À Ouidah, dans le sud du Bénin, les communautés autochtones qui vivaient de la pêche, du fumage du poisson, de l’horticulture et de l’artisanat ont été expulsées sans préavis pour faire place à un méga-projet touristique de luxe, dans le cadre d’un plan national visant à faire du Bénin une destination touristique internationale. Les expulsions ont entraîné une précarité sans précédent, avec la destruction de nos moyens de subsistance et de notre source de vie. Elles ont détruit les terres agricoles, les maisons ancestrales, le matériel de pêche, les structures de fumage du poisson, les sites de vente de produits naturels et artisanaux, les lieux de culte et autres biens personnels. Paour faire face aux expulsions, nous nous sommes organisés en coopérative, AMAPECH, par laquelle nous demandons non seulement une indemnisation au gouvernement béninois, mais avons également organisé un atelier de photographie participative pour documenter le conflit et exposer les impacts des expulsions du point de vue communautaire. Le résultat a été un livre photo collectif qui illustre la réalité d’Ouidah comme exemple des effets du capitalisme clandestin.
Benín:
Le développement du non-retour
Dans le sud du Bénin, en Afrique de l’Ouest, à environ quarante kilomètres de Cotonou, sur la bande côtière du village de Kouvênanfidé, dans le district de Djêgbadji, commune d’Ouidah, les communautés autochtones vivent depuis des générations de la pêche, du fumage du poisson, de l’horticulture, de la production de sel et de l’artisanat. Les connaissances productives et culturelles se transmettent de génération en génération parmi les familles vivant sur la côte, maintenant un équilibre social et environnemental depuis des décennies. La pêche et l’agriculture assurent une alimentation équilibrée, les noix de coco nous hydratent et nous rafraîchissent lorsque la température du midi monte, les croyances et les cultes organisent la vie, et les célébrations avec danses et tambours maintiennent l’équilibre social et la richesse culturelle. La région est riche en mangroves et la plage est un lieu de nidification pour les tortues. Les mangroves, qui se sont lentement rétablies ces dernières années, constituent une oasis avec un écosystème unique.

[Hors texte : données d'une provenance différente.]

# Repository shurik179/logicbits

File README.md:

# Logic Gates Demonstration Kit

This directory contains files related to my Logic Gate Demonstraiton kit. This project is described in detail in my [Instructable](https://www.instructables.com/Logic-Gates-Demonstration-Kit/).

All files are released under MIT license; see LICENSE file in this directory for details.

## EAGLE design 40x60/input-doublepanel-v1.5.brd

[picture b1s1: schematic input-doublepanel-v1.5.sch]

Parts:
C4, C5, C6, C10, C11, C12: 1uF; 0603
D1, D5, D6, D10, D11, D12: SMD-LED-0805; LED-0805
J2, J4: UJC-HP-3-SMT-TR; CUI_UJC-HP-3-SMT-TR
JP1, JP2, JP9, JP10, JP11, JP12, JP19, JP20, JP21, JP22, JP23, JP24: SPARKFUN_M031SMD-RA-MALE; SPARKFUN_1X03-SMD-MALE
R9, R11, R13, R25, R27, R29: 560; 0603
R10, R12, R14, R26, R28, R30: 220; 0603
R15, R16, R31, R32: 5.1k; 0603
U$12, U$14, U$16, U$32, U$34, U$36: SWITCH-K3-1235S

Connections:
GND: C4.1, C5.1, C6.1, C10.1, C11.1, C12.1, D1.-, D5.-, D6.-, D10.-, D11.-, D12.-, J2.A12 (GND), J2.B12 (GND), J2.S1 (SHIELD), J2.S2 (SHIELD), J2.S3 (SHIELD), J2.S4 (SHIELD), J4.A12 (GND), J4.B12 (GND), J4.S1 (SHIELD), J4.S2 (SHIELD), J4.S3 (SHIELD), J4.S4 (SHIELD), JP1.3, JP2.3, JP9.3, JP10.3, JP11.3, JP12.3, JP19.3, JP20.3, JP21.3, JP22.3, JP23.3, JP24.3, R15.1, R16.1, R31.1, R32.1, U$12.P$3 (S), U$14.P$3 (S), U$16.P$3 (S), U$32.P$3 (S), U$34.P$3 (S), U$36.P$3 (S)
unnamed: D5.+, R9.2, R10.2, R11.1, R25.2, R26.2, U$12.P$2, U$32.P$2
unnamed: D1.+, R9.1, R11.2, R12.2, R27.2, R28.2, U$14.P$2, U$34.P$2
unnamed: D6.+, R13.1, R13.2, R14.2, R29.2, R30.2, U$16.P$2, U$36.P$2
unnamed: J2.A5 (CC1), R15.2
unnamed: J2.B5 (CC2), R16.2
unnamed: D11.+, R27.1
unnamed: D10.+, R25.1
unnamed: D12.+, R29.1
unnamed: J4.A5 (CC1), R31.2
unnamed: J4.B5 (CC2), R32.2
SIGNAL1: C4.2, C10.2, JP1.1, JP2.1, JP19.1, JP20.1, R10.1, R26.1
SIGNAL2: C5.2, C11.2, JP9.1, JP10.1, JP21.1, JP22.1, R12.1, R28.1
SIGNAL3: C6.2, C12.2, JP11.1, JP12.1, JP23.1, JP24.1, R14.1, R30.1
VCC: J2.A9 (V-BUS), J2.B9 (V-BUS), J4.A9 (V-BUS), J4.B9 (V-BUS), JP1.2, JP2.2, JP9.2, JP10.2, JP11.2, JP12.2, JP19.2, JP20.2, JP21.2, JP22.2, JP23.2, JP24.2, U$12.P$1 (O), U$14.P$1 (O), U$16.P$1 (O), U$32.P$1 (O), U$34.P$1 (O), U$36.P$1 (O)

Le 26 octobre 2021, à peine un an après le début de l’urgence sanitaire mondiale due à la COVID-19 et alors que des restrictions étaient encore en place dans tout le pays, 4 198 personnes qui vivaient dans cette région depuis des générations ont été déplacées de force pour établir un méga-projet touristique de luxe. Des excavatrices et des tracteurs ont détruit nos maisons et nos sites sans préavis, sans nous permettre de sauver nos biens, et sans recevoir de compensation équitable ou de mesures de soutien adéquates.
Des excavatrices et des tracteurs ont détruit nos maisons et nos sites sans préavis, sans nous permettre de sauver nos biens, et sans recevoir de compensation équitable ou de mesures de soutien adéquates.
Depuis lors, les communautés ont été confrontées à une précarité sans précédent. Nous avons perdu des terres cultivables, des maisons où nos ancêtres vivaient depuis des générations, du matériel de pêche, des structures de fumage du poisson, des sites de vente de produits naturels et artisanaux, des lieux de culte et d’autres biens personnels. Cet aspect a été particulièrement douloureux pour les communautés, car ces lieux personnifient notre lien avec la terre et le territoire, où les esprits des ancêtres reposent. Ce sont des lieux sacrés, et ceux avec des fétiches de culte doivent être protégés de la vue publique, car ils ne peuvent pas être vus sans le consentement des prêtres. Maintenant, ceux qui n’ont pas été détruits ont été exposés. À l’exception d’un cas particulièrement significatif, un grand fétiche près de la plage, qui est resté en place parce que le conducteur de l’excavatrice a refusé d’obéir à l’ordre de démolition.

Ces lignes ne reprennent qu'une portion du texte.